### The problem:
Each line from the one with "#352=DIRECTION('',(0.,0.,-1.));" through the last line of the records must be output exactly, both ends included.
----- Dataset -----
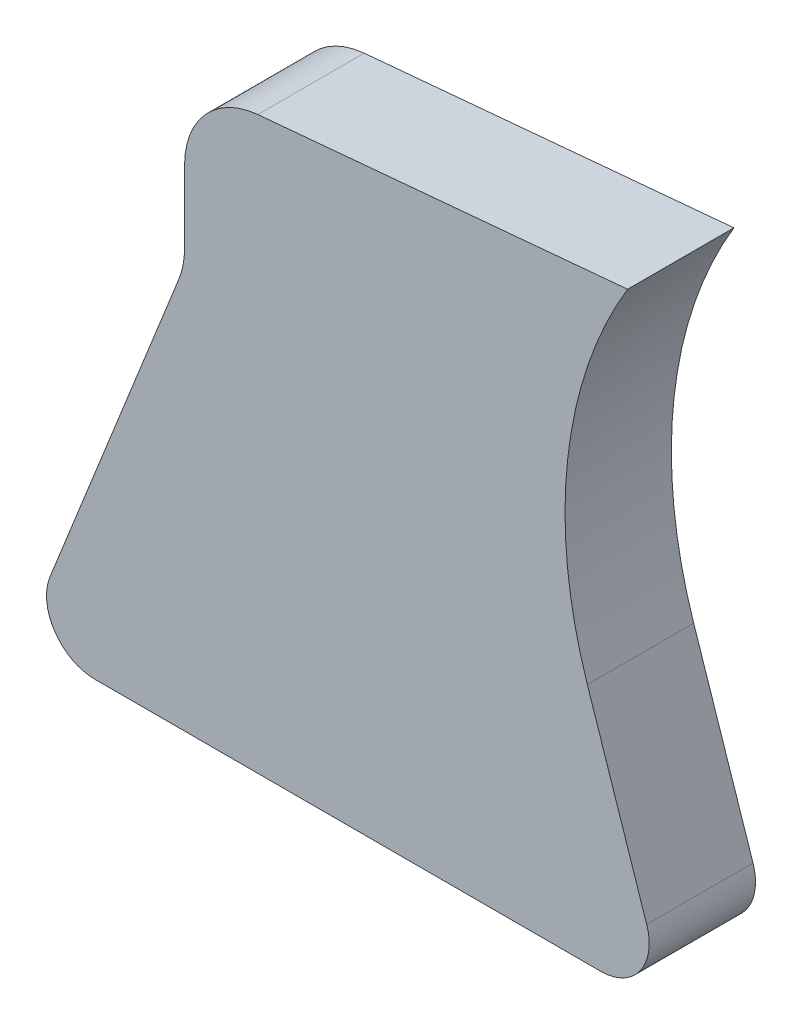
ISO-10303-21;
HEADER;
FILE_DESCRIPTION(('STEP AP214'),'2;1');
FILE_NAME('part.step','',(''),(''),'','','');
FILE_SCHEMA(('AUTOMOTIVE_DESIGN { 1 0 10303 214 1 1 1 1 }'));
ENDSEC;
DATA;
#1=APPLICATION_CONTEXT('core data for automotive mechanical design processes');
#2=APPLICATION_PROTOCOL_DEFINITION('international standard','automotive_design',2000,#1);
#3=PRODUCT_CONTEXT('',#1,'mechanical');
#4=PRODUCT('Part','Part','',(#3));
#5=PRODUCT_RELATED_PRODUCT_CATEGORY('part','',(#4));
#6=PRODUCT_DEFINITION_FORMATION('','',#4);
#7=PRODUCT_DEFINITION_CONTEXT('part definition',#1,'design');
#8=PRODUCT_DEFINITION('design','',#6,#7);
#9=PRODUCT_DEFINITION_SHAPE('','',#8);
#10=(LENGTH_UNIT() NAMED_UNIT(*) SI_UNIT(.MILLI.,.METRE.));
#11=(NAMED_UNIT(*) PLANE_ANGLE_UNIT() SI_UNIT($,.RADIAN.));
#12=(NAMED_UNIT(*) SI_UNIT($,.STERADIAN.) SOLID_ANGLE_UNIT());
#13=UNCERTAINTY_MEASURE_WITH_UNIT(LENGTH_MEASURE(1.E-05),#10,'distance_accuracy_value','');
#14=(GEOMETRIC_REPRESENTATION_CONTEXT(3) GLOBAL_UNCERTAINTY_ASSIGNED_CONTEXT((#13)) GLOBAL_UNIT_ASSIGNED_CONTEXT((#10,
#11,#12)) REPRESENTATION_CONTEXT('',''));
#15=CARTESIAN_POINT('',(0.,0.,0.));
#16=DIRECTION('',(0.,0.,1.));
#17=DIRECTION('',(1.,0.,0.));
#18=AXIS2_PLACEMENT_3D('',#15,#16,#17);
#19=CARTESIAN_POINT('',(50.8,0.,8.382));
#20=DIRECTION('',(0.,1.,0.));
#21=DIRECTION('',(-1.,0.,0.));
#22=AXIS2_PLACEMENT_3D('',#19,#20,#21);
#23=PLANE('',#22);
#24=DIRECTION('',(1.,0.,0.));
#25=VECTOR('',#24,1.);
#26=CARTESIAN_POINT('',(50.8,0.,0.));
#27=LINE('',#26,#25);
#28=CARTESIAN_POINT('',(5.6274955830365,0.,0.));
#29=VERTEX_POINT('',#28);
#30=CARTESIAN_POINT('',(45.5139073715862,0.,0.));
#31=VERTEX_POINT('',#30);
#32=EDGE_CURVE('E147',#29,#31,#27,.T.);
#33=ORIENTED_EDGE('',*,*,#32,.T.);
#34=DIRECTION('',(0.,0.,-1.));
#35=VECTOR('',#34,1.);
#36=CARTESIAN_POINT('',(45.5139073715862,0.,8.382));
#37=LINE('',#36,#35);
#38=CARTESIAN_POINT('',(45.5139073715862,0.,8.382));
#39=VERTEX_POINT('',#38);
#40=EDGE_CURVE('E54',#31,#39,#37,.F.);
#41=ORIENTED_EDGE('',*,*,#40,.T.);
#42=DIRECTION('',(1.,0.,0.));
#43=VECTOR('',#42,1.);
#44=CARTESIAN_POINT('',(50.8,0.,8.382));
#45=LINE('',#44,#43);
#46=CARTESIAN_POINT('',(5.6274955830365,0.,8.382));
#47=VERTEX_POINT('',#46);
#48=EDGE_CURVE('E122',#47,#39,#45,.T.);
#49=ORIENTED_EDGE('',*,*,#48,.F.);
#50=DIRECTION('',(0.,0.,-1.));
#51=VECTOR('',#50,1.);
#52=CARTESIAN_POINT('',(5.6274955830365,0.,8.382));
#53=LINE('',#52,#51);
#54=EDGE_CURVE('E184',#47,#29,#53,.T.);
#55=ORIENTED_EDGE('',*,*,#54,.T.);
#56=EDGE_LOOP('',(#33,#41,#49,#55));
#57=FACE_BOUND('',#56,.T.);
#58=ADVANCED_FACE('F33',(#57),#23,.F.);
#59=CARTESIAN_POINT('',(44.45,19.05,8.382));
#60=DIRECTION('',(-0.948683298050514,-0.316227766016838,0.));
#61=DIRECTION('',(0.316227766016838,-0.948683298050514,0.));
#62=AXIS2_PLACEMENT_3D('',#59,#60,#61);
#63=PLANE('',#62);
#64=DIRECTION('',(-0.316227766016838,0.948683298050514,0.));
#65=VECTOR('',#64,1.);
#66=CARTESIAN_POINT('',(44.45,19.05,8.382));
#67=LINE('',#66,#65);
#68=CARTESIAN_POINT('',(49.1283907371586,5.01482778852415,8.382));
#69=VERTEX_POINT('',#68);
#70=CARTESIAN_POINT('',(44.45,19.05,8.382));
#71=VERTEX_POINT('',#70);
#72=EDGE_CURVE('E111',#69,#71,#67,.T.);
#73=ORIENTED_EDGE('',*,*,#72,.F.);
#74=DIRECTION('',(0.,0.,-1.));
#75=VECTOR('',#74,1.);
#76=CARTESIAN_POINT('',(49.1283907371586,5.01482778852415,8.382));
#77=LINE('',#76,#75);
#78=CARTESIAN_POINT('',(49.1283907371586,5.01482778852415,0.));
#79=VERTEX_POINT('',#78);
#80=EDGE_CURVE('E178',#69,#79,#77,.T.);
#81=ORIENTED_EDGE('',*,*,#80,.T.);
#82=DIRECTION('',(-0.316227766016838,0.948683298050514,0.));
#83=VECTOR('',#82,1.);
#84=CARTESIAN_POINT('',(44.45,19.05,0.));
#85=LINE('',#84,#83);
#86=CARTESIAN_POINT('',(44.45,19.05,0.));
#87=VERTEX_POINT('',#86);
#88=EDGE_CURVE('E128',#79,#87,#85,.T.);
#89=ORIENTED_EDGE('',*,*,#88,.T.);
#90=DIRECTION('',(0.,0.,-1.));
#91=VECTOR('',#90,1.);
#92=CARTESIAN_POINT('',(44.45,19.05,8.382));
#93=LINE('',#92,#91);
#94=EDGE_CURVE('E125',#71,#87,#93,.T.);
#95=ORIENTED_EDGE('',*,*,#94,.F.);
#96=EDGE_LOOP('',(#73,#81,#89,#95));
#97=FACE_BOUND('',#96,.T.);
#98=ADVANCED_FACE('F126',(#97),#63,.F.);
#99=CARTESIAN_POINT('',(76.99375,29.8979166666667,8.382));
#100=DIRECTION('',(0.,0.,-1.));
#101=DIRECTION('',(-1.,0.,0.));
#102=AXIS2_PLACEMENT_3D('',#99,#100,#101);
#103=CYLINDRICAL_SURFACE('',#102,34.3041245343682);
#104=CARTESIAN_POINT('',(76.99375,29.8979166666667,0.));
#105=DIRECTION('',(0.,0.,-1.));
#106=DIRECTION('',(1.,0.,0.));
#107=AXIS2_PLACEMENT_3D('',#104,#105,#106);
#108=CIRCLE('',#107,34.3041245343682);
#109=CARTESIAN_POINT('',(47.625,47.625,0.));
#110=VERTEX_POINT('',#109);
#111=EDGE_CURVE('E150',#87,#110,#108,.T.);
#112=ORIENTED_EDGE('',*,*,#111,.T.);
#113=DIRECTION('',(0.,0.,-1.));
#114=VECTOR('',#113,1.);
#115=CARTESIAN_POINT('',(47.625,47.625,8.382));
#116=LINE('',#115,#114);
#117=CARTESIAN_POINT('',(47.625,47.625,8.382));
#118=VERTEX_POINT('',#117);
#119=EDGE_CURVE('E132',#118,#110,#116,.T.);
#120=ORIENTED_EDGE('',*,*,#119,.F.);
#121=CARTESIAN_POINT('',(76.99375,29.8979166666667,8.382));
#122=DIRECTION('',(0.,0.,-1.));
#123=DIRECTION('',(1.,0.,0.));
#124=AXIS2_PLACEMENT_3D('',#121,#122,#123);
#125=CIRCLE('',#124,34.3041245343682);
#126=EDGE_CURVE('E116',#71,#118,#125,.T.);
#127=ORIENTED_EDGE('',*,*,#126,.F.);
#128=ORIENTED_EDGE('',*,*,#94,.T.);
#129=EDGE_LOOP('',(#112,#120,#127,#128));
#130=FACE_BOUND('',#129,.T.);
#131=ADVANCED_FACE('F134',(#130),#103,.F.);
#132=CARTESIAN_POINT('',(12.7,44.45,8.382));
#133=DIRECTION('',(0.0905357460425185,-0.995893206467704,0.));
#134=DIRECTION('',(0.995893206467704,0.0905357460425185,0.));
#135=AXIS2_PLACEMENT_3D('',#132,#133,#134);
#136=PLANE('',#135);
#137=DIRECTION('',(-0.995893206467704,-0.0905357460425185,0.));
#138=VECTOR('',#137,1.);
#139=CARTESIAN_POINT('',(12.7,44.45,0.));
#140=LINE('',#139,#138);
#141=CARTESIAN_POINT('',(18.47509801263,44.9750089102391,0.));
#142=VERTEX_POINT('',#141);
#143=EDGE_CURVE('E152',#110,#142,#140,.T.);
#144=ORIENTED_EDGE('',*,*,#143,.T.);
#145=DIRECTION('',(0.,0.,-1.));
#146=VECTOR('',#145,1.);
#147=CARTESIAN_POINT('',(18.47509801263,44.9750089102391,8.382));
#148=LINE('',#147,#146);
#149=CARTESIAN_POINT('',(18.47509801263,44.9750089102391,8.382));
#150=VERTEX_POINT('',#149);
#151=EDGE_CURVE('E167',#142,#150,#148,.F.);
#152=ORIENTED_EDGE('',*,*,#151,.T.);
#153=DIRECTION('',(-0.995893206467704,-0.0905357460425185,0.));
#154=VECTOR('',#153,1.);
#155=CARTESIAN_POINT('',(12.7,44.45,8.382));
#156=LINE('',#155,#154);
#157=EDGE_CURVE('E137',#118,#150,#156,.T.);
#158=ORIENTED_EDGE('',*,*,#157,.F.);
#159=ORIENTED_EDGE('',*,*,#119,.T.);
#160=EDGE_LOOP('',(#144,#152,#158,#159));
#161=FACE_BOUND('',#160,.T.);
#162=ADVANCED_FACE('F213',(#161),#136,.F.);
#163=CARTESIAN_POINT('',(12.7,31.75,8.382));
#164=DIRECTION('',(1.,0.,0.));
#165=DIRECTION('',(0.,0.,-1.));
#166=AXIS2_PLACEMENT_3D('',#163,#164,#165);
#167=PLANE('',#166);
#168=DIRECTION('',(0.,-1.,0.));
#169=VECTOR('',#168,1.);
#170=CARTESIAN_POINT('',(12.7,31.75,8.382));
#171=LINE('',#170,#169);
#172=CARTESIAN_POINT('',(12.7,38.6510870491692,8.382));
#173=VERTEX_POINT('',#172);
#174=CARTESIAN_POINT('',(12.7,32.9728982626521,8.382));
#175=VERTEX_POINT('',#174);
#176=EDGE_CURVE('E139',#173,#175,#171,.T.);
#177=ORIENTED_EDGE('',*,*,#176,.F.);
#178=DIRECTION('',(0.,0.,-1.));
#179=VECTOR('',#178,1.);
#180=CARTESIAN_POINT('',(12.7,38.6510870491692,8.382));
#181=LINE('',#180,#179);
#182=CARTESIAN_POINT('',(12.7,38.6510870491692,0.));
#183=VERTEX_POINT('',#182);
#184=EDGE_CURVE('E162',#173,#183,#181,.T.);
#185=ORIENTED_EDGE('',*,*,#184,.T.);
#186=DIRECTION('',(0.,-1.,0.));
#187=VECTOR('',#186,1.);
#188=CARTESIAN_POINT('',(12.7,31.75,0.));
#189=LINE('',#188,#187);
#190=CARTESIAN_POINT('',(12.7,32.9728982626521,0.));
#191=VERTEX_POINT('',#190);
#192=EDGE_CURVE('E155',#183,#191,#189,.T.);
#193=ORIENTED_EDGE('',*,*,#192,.T.);
#194=DIRECTION('',(0.,0.,-1.));
#195=VECTOR('',#194,1.);
#196=CARTESIAN_POINT('',(12.7,32.9728982626521,8.382));
#197=LINE('',#196,#195);
#198=EDGE_CURVE('E131',#191,#175,#197,.F.);
#199=ORIENTED_EDGE('',*,*,#198,.T.);
#200=EDGE_LOOP('',(#177,#185,#193,#199));
#201=FACE_BOUND('',#200,.T.);
#202=ADVANCED_FACE('F205',(#201),#167,.F.);
#203=CARTESIAN_POINT('',(0.,0.,8.382));
#204=DIRECTION('',(0.928476690885259,-0.371390676354104,0.));
#205=DIRECTION('',(0.371390676354104,0.92847669088526,0.));
#206=AXIS2_PLACEMENT_3D('',#203,#204,#205);
#207=PLANE('',#206);
#208=DIRECTION('',(-0.371390676354104,-0.928476690885259,0.));
#209=VECTOR('',#208,1.);
#210=CARTESIAN_POINT('',(0.,0.,0.));
#211=LINE('',#210,#209);
#212=CARTESIAN_POINT('',(12.2458269871214,30.6145674678035,0.));
#213=VERTEX_POINT('',#212);
#214=CARTESIAN_POINT('',(2.08999939076365,5.22499847690914,0.));
#215=VERTEX_POINT('',#214);
#216=EDGE_CURVE('E158',#213,#215,#211,.T.);
#217=ORIENTED_EDGE('',*,*,#216,.T.);
#218=DIRECTION('',(0.,0.,-1.));
#219=VECTOR('',#218,1.);
#220=CARTESIAN_POINT('',(2.08999939076365,5.22499847690914,8.382));
#221=LINE('',#220,#219);
#222=CARTESIAN_POINT('',(2.08999939076365,5.22499847690914,8.382));
#223=VERTEX_POINT('',#222);
#224=EDGE_CURVE('E11',#215,#223,#221,.F.);
#225=ORIENTED_EDGE('',*,*,#224,.T.);
#226=DIRECTION('',(-0.371390676354104,-0.928476690885259,0.));
#227=VECTOR('',#226,1.);
#228=CARTESIAN_POINT('',(0.,0.,8.382));
#229=LINE('',#228,#227);
#230=CARTESIAN_POINT('',(12.2458269871214,30.6145674678035,8.382));
#231=VERTEX_POINT('',#230);
#232=EDGE_CURVE('E145',#231,#223,#229,.T.);
#233=ORIENTED_EDGE('',*,*,#232,.F.);
#234=DIRECTION('',(0.,0.,-1.));
#235=VECTOR('',#234,1.);
#236=CARTESIAN_POINT('',(12.2458269871214,30.6145674678035,0.));
#237=LINE('',#236,#235);
#238=EDGE_CURVE('E171',#231,#213,#237,.T.);
#239=ORIENTED_EDGE('',*,*,#238,.T.);
#240=EDGE_LOOP('',(#217,#225,#233,#239));
#241=FACE_BOUND('',#240,.T.);
#242=ADVANCED_FACE('F196',(#241),#207,.F.);
#243=CARTESIAN_POINT('',(76.99375,29.8979166666667,8.382));
#244=DIRECTION('',(0.,0.,1.));
#245=DIRECTION('',(1.,0.,0.));
#246=AXIS2_PLACEMENT_3D('',#243,#244,#245);
#247=PLANE('',#246);
#248=ORIENTED_EDGE('',*,*,#48,.T.);
#249=CARTESIAN_POINT('',(45.5139073715862,3.81,8.382));
#250=DIRECTION('',(0.,0.,1.));
#251=DIRECTION('',(1.,0.,0.));
#252=AXIS2_PLACEMENT_3D('',#249,#250,#251);
#253=CIRCLE('',#252,3.81);
#254=EDGE_CURVE('E41',#39,#69,#253,.T.);
#255=ORIENTED_EDGE('',*,*,#254,.T.);
#256=ORIENTED_EDGE('',*,*,#72,.T.);
#257=ORIENTED_EDGE('',*,*,#126,.T.);
#258=ORIENTED_EDGE('',*,*,#157,.T.);
#259=CARTESIAN_POINT('',(19.05,38.6510870491692,8.382));
#260=DIRECTION('',(0.,0.,1.));
#261=DIRECTION('',(1.,0.,0.));
#262=AXIS2_PLACEMENT_3D('',#259,#260,#261);
#263=CIRCLE('',#262,6.35);
#264=EDGE_CURVE('E169',#150,#173,#263,.T.);
#265=ORIENTED_EDGE('',*,*,#264,.T.);
#266=ORIENTED_EDGE('',*,*,#176,.T.);
#267=CARTESIAN_POINT('',(6.35,32.9728982626521,8.382));
#268=DIRECTION('',(0.,0.,1.));
#269=DIRECTION('',(1.,0.,0.));
#270=AXIS2_PLACEMENT_3D('',#267,#268,#269);
#271=CIRCLE('',#270,6.35);
#272=EDGE_CURVE('E176',#175,#231,#271,.F.);
#273=ORIENTED_EDGE('',*,*,#272,.T.);
#274=ORIENTED_EDGE('',*,*,#232,.T.);
#275=CARTESIAN_POINT('',(5.6274955830365,3.81,8.382));
#276=DIRECTION('',(0.,0.,1.));
#277=DIRECTION('',(1.,0.,0.));
#278=AXIS2_PLACEMENT_3D('',#275,#276,#277);
#279=CIRCLE('',#278,3.81);
#280=EDGE_CURVE('E188',#223,#47,#279,.T.);
#281=ORIENTED_EDGE('',*,*,#280,.T.);
#282=EDGE_LOOP('',(#248,#255,#256,#257,#258,#265,#266,#273,#274,#281));
#283=FACE_BOUND('',#282,.T.);
#284=ADVANCED_FACE('F113',(#283),#247,.T.);
#285=CARTESIAN_POINT('',(76.99375,29.8979166666667,0.));
#286=DIRECTION('',(0.,0.,1.));
#287=DIRECTION('',(1.,0.,0.));
#288=AXIS2_PLACEMENT_3D('',#285,#286,#287);
#289=PLANE('',#288);
#290=ORIENTED_EDGE('',*,*,#88,.F.);
#291=CARTESIAN_POINT('',(45.5139073715862,3.81,0.));
#292=DIRECTION('',(0.,0.,1.));
#293=DIRECTION('',(1.,0.,0.));
#294=AXIS2_PLACEMENT_3D('',#291,#292,#293);
#295=CIRCLE('',#294,3.81);
#296=EDGE_CURVE('E182',#79,#31,#295,.F.);
#297=ORIENTED_EDGE('',*,*,#296,.T.);
#298=ORIENTED_EDGE('',*,*,#32,.F.);
#299=CARTESIAN_POINT('',(5.6274955830365,3.81,0.));
#300=DIRECTION('',(0.,0.,1.));
#301=DIRECTION('',(1.,0.,0.));
#302=AXIS2_PLACEMENT_3D('',#299,#300,#301);
#303=CIRCLE('',#302,3.81);
#304=EDGE_CURVE('E180',#29,#215,#303,.F.);
#305=ORIENTED_EDGE('',*,*,#304,.T.);
#306=ORIENTED_EDGE('',*,*,#216,.F.);
#307=CARTESIAN_POINT('',(6.35,32.9728982626521,0.));
#308=DIRECTION('',(0.,0.,1.));
#309=DIRECTION('',(1.,0.,0.));
#310=AXIS2_PLACEMENT_3D('',#307,#308,#309);
#311=CIRCLE('',#310,6.35);
#312=EDGE_CURVE('E174',#213,#191,#311,.T.);
#313=ORIENTED_EDGE('',*,*,#312,.T.);
#314=ORIENTED_EDGE('',*,*,#192,.F.);
#315=CARTESIAN_POINT('',(19.05,38.6510870491692,0.));
#316=DIRECTION('',(0.,0.,1.));
#317=DIRECTION('',(1.,0.,0.));
#318=AXIS2_PLACEMENT_3D('',#315,#316,#317);
#319=CIRCLE('',#318,6.35);
#320=EDGE_CURVE('E165',#183,#142,#319,.F.);
#321=ORIENTED_EDGE('',*,*,#320,.T.);
#322=ORIENTED_EDGE('',*,*,#143,.F.);
#323=ORIENTED_EDGE('',*,*,#111,.F.);
#324=EDGE_LOOP('',(#290,#297,#298,#305,#306,#313,#314,#321,#322,#323));
#325=FACE_BOUND('',#324,.T.);
#326=ADVANCED_FACE('F195',(#325),#289,.F.);
#327=CARTESIAN_POINT('',(19.05,38.6510870491692,8.382));
#328=DIRECTION('',(0.,0.,-1.));
#329=DIRECTION('',(-1.,0.,0.));
#330=AXIS2_PLACEMENT_3D('',#327,#328,#329);
#331=CYLINDRICAL_SURFACE('',#330,6.35);
#332=ORIENTED_EDGE('',*,*,#264,.F.);
#333=ORIENTED_EDGE('',*,*,#151,.F.);
#334=ORIENTED_EDGE('',*,*,#320,.F.);
#335=ORIENTED_EDGE('',*,*,#184,.F.);
#336=EDGE_LOOP('',(#332,#333,#334,#335));
#337=FACE_BOUND('',#336,.T.);
#338=ADVANCED_FACE('F209',(#337),#331,.T.);
#339=CARTESIAN_POINT('',(6.35,32.9728982626521,8.382));
#340=DIRECTION('',(0.,0.,1.));
#341=DIRECTION('',(1.,0.,0.));
#342=AXIS2_PLACEMENT_3D('',#339,#340,#341);
#343=CYLINDRICAL_SURFACE('',#342,6.35);
#344=ORIENTED_EDGE('',*,*,#272,.F.);
#345=ORIENTED_EDGE('',*,*,#198,.F.);
#346=ORIENTED_EDGE('',*,*,#312,.F.);
#347=ORIENTED_EDGE('',*,*,#238,.F.);
#348=EDGE_LOOP('',(#344,#345,#346,#347));
#349=FACE_BOUND('',#348,.T.);
#350=ADVANCED_FACE('F200',(#349),#343,.F.);
#351=CARTESIAN_POINT('',(45.5139073715862,3.81,8.382));
#352=DIRECTION('',(0.,0.,-1.));
#353=DIRECTION('',(-1.,0.,0.));
#354=AXIS2_PLACEMENT_3D('',#351,#352,#353);
#355=CYLINDRICAL_SURFACE('',#354,3.81);
#356=ORIENTED_EDGE('',*,*,#254,.F.);
#357=ORIENTED_EDGE('',*,*,#40,.F.);
#358=ORIENTED_EDGE('',*,*,#296,.F.);
#359=ORIENTED_EDGE('',*,*,#80,.F.);
#360=EDGE_LOOP('',(#356,#357,#358,#359));
#361=FACE_BOUND('',#360,.T.);
#362=ADVANCED_FACE('F232',(#361),#355,.T.);
#363=CARTESIAN_POINT('',(5.6274955830365,3.81,8.382));
#364=DIRECTION('',(0.,0.,-1.));
#365=DIRECTION('',(-1.,0.,0.));
#366=AXIS2_PLACEMENT_3D('',#363,#364,#365);
#367=CYLINDRICAL_SURFACE('',#366,3.81);
#368=ORIENTED_EDGE('',*,*,#280,.F.);
#369=ORIENTED_EDGE('',*,*,#224,.F.);
#370=ORIENTED_EDGE('',*,*,#304,.F.);
#371=ORIENTED_EDGE('',*,*,#54,.F.);
#372=EDGE_LOOP('',(#368,#369,#370,#371));
#373=FACE_BOUND('',#372,.T.);
#374=ADVANCED_FACE('F35',(#373),#367,.T.);
#375=CLOSED_SHELL('',(#58,#98,#131,#162,#202,#242,#284,#326,#338,#350,#362,#374));
#376=MANIFOLD_SOLID_BREP('B2',#375);
#377=ADVANCED_BREP_SHAPE_REPRESENTATION('',(#18,#376),#14);
#378=SHAPE_DEFINITION_REPRESENTATION(#9,#377);
ENDSEC;
END-ISO-10303-21;
-----
### The completed task:
#352=DIRECTION('',(0.,0.,-1.));
#353=DIRECTION('',(-1.,0.,0.));
#354=AXIS2_PLACEMENT_3D('',#351,#352,#353);
#355=CYLINDRICAL_SURFACE('',#354,3.81);
#356=ORIENTED_EDGE('',*,*,#254,.F.);
#357=ORIENTED_EDGE('',*,*,#40,.F.);
#358=ORIENTED_EDGE('',*,*,#296,.F.);
#359=ORIENTED_EDGE('',*,*,#80,.F.);
#360=EDGE_LOOP('',(#356,#357,#358,#359));
#361=FACE_BOUND('',#360,.T.);
#362=ADVANCED_FACE('F232',(#361),#355,.T.);
#363=CARTESIAN_POINT('',(5.6274955830365,3.81,8.382));
#364=DIRECTION('',(0.,0.,-1.));
#365=DIRECTION('',(-1.,0.,0.));
#366=AXIS2_PLACEMENT_3D('',#363,#364,#365);
#367=CYLINDRICAL_SURFACE('',#366,3.81);
#368=ORIENTED_EDGE('',*,*,#280,.F.);
#369=ORIENTED_EDGE('',*,*,#224,.F.);
#370=ORIENTED_EDGE('',*,*,#304,.F.);
#371=ORIENTED_EDGE('',*,*,#54,.F.);
#372=EDGE_LOOP('',(#368,#369,#370,#371));
#373=FACE_BOUND('',#372,.T.);
#374=ADVANCED_FACE('F35',(#373),#367,.T.);
#375=CLOSED_SHELL('',(#58,#98,#131,#162,#202,#242,#284,#326,#338,#350,#362,#374));
#376=MANIFOLD_SOLID_BREP('B2',#375);
#377=ADVANCED_BREP_SHAPE_REPRESENTATION('',(#18,#376),#14);
#378=SHAPE_DEFINITION_REPRESENTATION(#9,#377);
ENDSEC;
END-ISO-10303-21;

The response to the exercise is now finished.